In computer science and formal language theory, a Context-Free Grammar (CFG) is a type of grammar that is particularly suited for describing the possible structures of a programming language or natural languages. A CFG consists of a set of rules, known as production rules, that define how a string of symbols can be generated.

Each CFG is defined by a tuple \(G=(N, T, P, S)\), where:

• \(N\) is the set of non-terminal symbols, which can be expanded into one or more symbols.
• \(T\) is the set of terminal symbols, which are the actual symbols in the language (similar to 'words' in natural languages).
• \(P\) is the set of production rules, which dictate how non-terminal symbols can be replaced by other symbols.
• \(S\) is the start symbol, from which we begin the generation of strings.

Non-terminal symbols are placeholders for patterns of strings, while terminal symbols represent the actual characters or tokens of the language. CFGs are powerful tools for defining all the syntactically correct strings within a language, without regard for their meaning.

Production Rules are the heart of a Context-Free Grammar. They are structured rules that determine how a non-terminal symbol can be converted into other non-terminal or terminal symbols. In the context of formal languages, these rules are essential for constructing strings that are part of the language.

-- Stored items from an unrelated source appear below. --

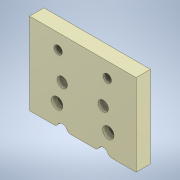
# Autodesk Inventor part: Soporte Extruder Izq
Saved by Autodesk Inventor 2021 (Build 250183000, 183)
## iProperties
Created: 2023-01-29
Part Number: Soporte Extruder Izq
Material: Polipropileno
Document SubType Name: Modeling
Designer: Diego.labarca
Density: 0.899 g/cm^3
Appearance: Suave - Fresno
Mass: 57.1428 g
Surface Area: 54.9661 cm^2
Volume: 12.6702 cm^3
Author: Diego.labarca
Autodesk Inventor part; units mm, degrees
ref_plane "YZ Plane" through (0, 0, 0) normal (1, 0, 0) x (0, 1, 0)
ref_plane "XZ Plane" through (0, 0, 0) normal (0, 1, 0) x (-1, 0, 0)
ref_plane "XY Plane" through (0, 0, 0) normal (0, 0, 1) x (1, 0, 0)
sketch "Boceto21" plane through (0, 0, 0) normal (0, 0, 1) x (1, 0, 0)
  line L0 (-26, 15) -> (26, 15)
  line L1 (26, 15) -> (26, -15)
  line L2 (26, -15) -> (-26, -15)
  line L3 (-26, -15) -> (-26, 15)
  line L4 (1.8793, 0) -> (0, 0)
  line L5 (0, 0) -> (0, 2.1218)
  dimension "d96" = 52
  dimension "d97" = 30
  constraints: 12 end point, 2 horizontal, 2 parallel, 2 perpendicular, 2 other
  measures "d96" distance of L1.end L2.end
  measures "d97" distance of L0.end L1.end
extrude "Extrusión17" add sketch "Boceto21" along normal blind 7
sketch "Boceto22" plane through (0, 0, 7) normal (0, 0, 1) x (1, 0, 0)
  circle A0 centre (-12.5, -5) radius 1.5
  circle A1 centre (12.5, -5) radius 1.5
  line L0 (-26, -15) -> (26, -15) projected
  point P0 (0, 0)
  dimension "d100" = 3
  dimension "d101" = 3
  dimension "d104" = 10
  dimension "d105" = 10
  dimension "d106" = 25
  dimension "d107" = 12.5
  constraints: 2 centre point
  measures "d100" diameter of A0
  measures "d101" diameter of A1
  measures "d104" distance from line of L0 A0.centre
  measures "d105" distance from line of L0 A1.centre
  measures "d106" distance of A0.centre A1.centre
  measures "d107" horizontal distance of A0.centre point (0, 0)
extrude "Extrusión18" cut sketch "Boceto22" against normal through all
sketch "Boceto23" plane through (0, 0, 7) normal (0, 0, 1) x (1, 0, 0)
  circle A0 centre (10, 5) radius 2.5
  circle A1 centre (10, -15) radius 2.5
  circle A2 centre (12.5, -5) radius 1.5 projected
  point P0 (0, 0)
  dimension "d110" = 5
  dimension "d111" = 5
  dimension "d112" = 10
  dimension "d113" = 10
  dimension "d114" = 20
  dimension "d115" = 10
  constraints: 2 centre point
  measures "d110" diameter of A0
  measures "d111" diameter of A1
  measures "d112" horizontal distance of point (0, 0) A1.centre
  measures "d113" horizontal distance of point (0, 0) A0.centre
  measures "d114" distance of A1.centre A0.centre
  measures "d115" vertical distance of A1.centre A2.centre
extrude "Extrusión19" cut sketch "Boceto23" against normal through all contours A0 | A1
mirror "Simetría1" about plane through (0, 0, 0) normal (1, 0, 0) of "Extrusión19"
fillet "Empalme5" radius 2 4 edges at (-12.5, -15, 3.5) (-7.5, -15, 3.5) (12.5, -15, 3.5) (7.5, -15, 3.5)
sketch "Boceto24" plane through (0, 0, 7) normal (0, 0, 1) x (1, 0, 0)
  circle A0 centre (12.5, -5) radius 1.5 projected
  circle A1 centre (12.5, -5) radius 2.75
  circle A2 centre (-12.5, -5) radius 1.5 projected
  circle A3 centre (-12.5, -5) radius 2.75
  point P0 (0, 0)
  dimension "d119" = 5.5
  dimension "d120" = 5.5
  constraints: 2 centre point, 2 coincident
  measures "d119" diameter of A1
  measures "d120" diameter of A3
extrude "Extrusión20" cut sketch "Boceto24" against normal blind 3
sketch "Boceto25" plane through (0, 0, 7) normal (0, 0, 1) x (1, 0, 0)
  line L0 (26, 15) -> (-26, 15)
  line L1 (-26, 15) -> (-26, 25)
  line L2 (-26, 25) -> (26, 25)
  line L3 (26, 25) -> (26, 15)
  point P0 (0, 0)
  dimension "d123" = 10
  constraints: 8 end point, 2 parallel, 1 horizontal, 1 perpendicular
  measures "d123" distance of L0.end L1.end
extrude "Extrusión21" add sketch "Boceto25" against normal up to surface (7 mm away)
sketch "Boceto26" plane through (0, 0, 7) normal (0, 0, 1) x (1, 0, 0)
  circle A0 centre (12, 17.682) radius 2
  circle A1 centre (12.5, -5) radius 2.75 projected
  circle A2 centre (-12, 17.682) radius 2
  circle A3 centre (-12.5, -5) radius 2.75 projected
  circle A4 centre (10, 5) radius 2.5 projected
  circle A5 centre (-10, 5) radius 2.5 projected
  point P0 (0, 0)
  dimension "d127" = 12
  dimension "d128" = 4
  dimension "d129" = 4
  dimension "d132" = 12
  dimension "d135" = 12.682
  dimension "d136" = 12.682
  constraints: 2 centre point
  measures "d127" horizontal distance of point (0, 0) A0.centre
  measures "d128" diameter of A2
  measures "d129" diameter of A0
  measures "d132" horizontal distance of point (0, 0) A2.centre
  measures "d135" vertical distance of A4.centre A0.centre
  measures "d136" vertical distance of A5.centre A2.centre
extrude "Extrusión22" cut sketch "Boceto26" against normal through all contours A0 | A2
equation "\"d101\" = d100"
equation "\"d105\" = d104"
equation "\"d107\" = 0.5 * d106"
equation "\"d111\" = d110"
equation "\"d113\" = d112"
equation "\"d120\" = d119"
equation "\"d128\" = d129"
equation "\"d136\" = d135"

A production rule is typically written in the form \(A \rightarrow \beta\), where:\(A\) is a non-terminal symbol and \(\beta\) is a string of non-terminal and/or terminal symbols. The arrow indicates that \(A\) can be replaced by \(\beta\) in the formation of a string. The process of applying these rules is called a derivation.

In our example, we have three production rules that guide us to derive the string \(a^2b\):

1. \( \sigma \rightarrow a \sigma \)
2. \( \sigma \rightarrow a A \)
3. \( A \rightarrow b \)

The application of these rules in a specific sequence allows us to transform the start symbol \(\sigma\) into the string \(a^2b\). The production rules effectively act as the blueprint by which we can construct words that belong to the language defined by the grammar.

Formal Languages are sets of strings composed of symbols that follow specific grammatical rules. They play a crucial role in various fields such as computer science, linguistics, and mathematics. In computer science, formal languages are used to define the syntax of programming languages and to develop compilers and interpreters.

A language is formally defined as a set of strings over some fixed alphabet, where an alphabet is a finite set of symbols. The strings in a language might represent numbers, words, or commands, depending on their use. In the case of our CFG exercise, the alphabet consists of the terminal symbols \(T=\{a, b\}\), and the language \(L(G)\) is the set of strings that can be derived from the start symbol using the production rules in \(P\).

By applying the CFG's production rules, we can derive strings that belong to the language. In the example provided, \(a^2b\) is one such string. It's important to note that not every possible string created from the alphabet will necessarily be part of the language; a string must be derived using the CFG to be included.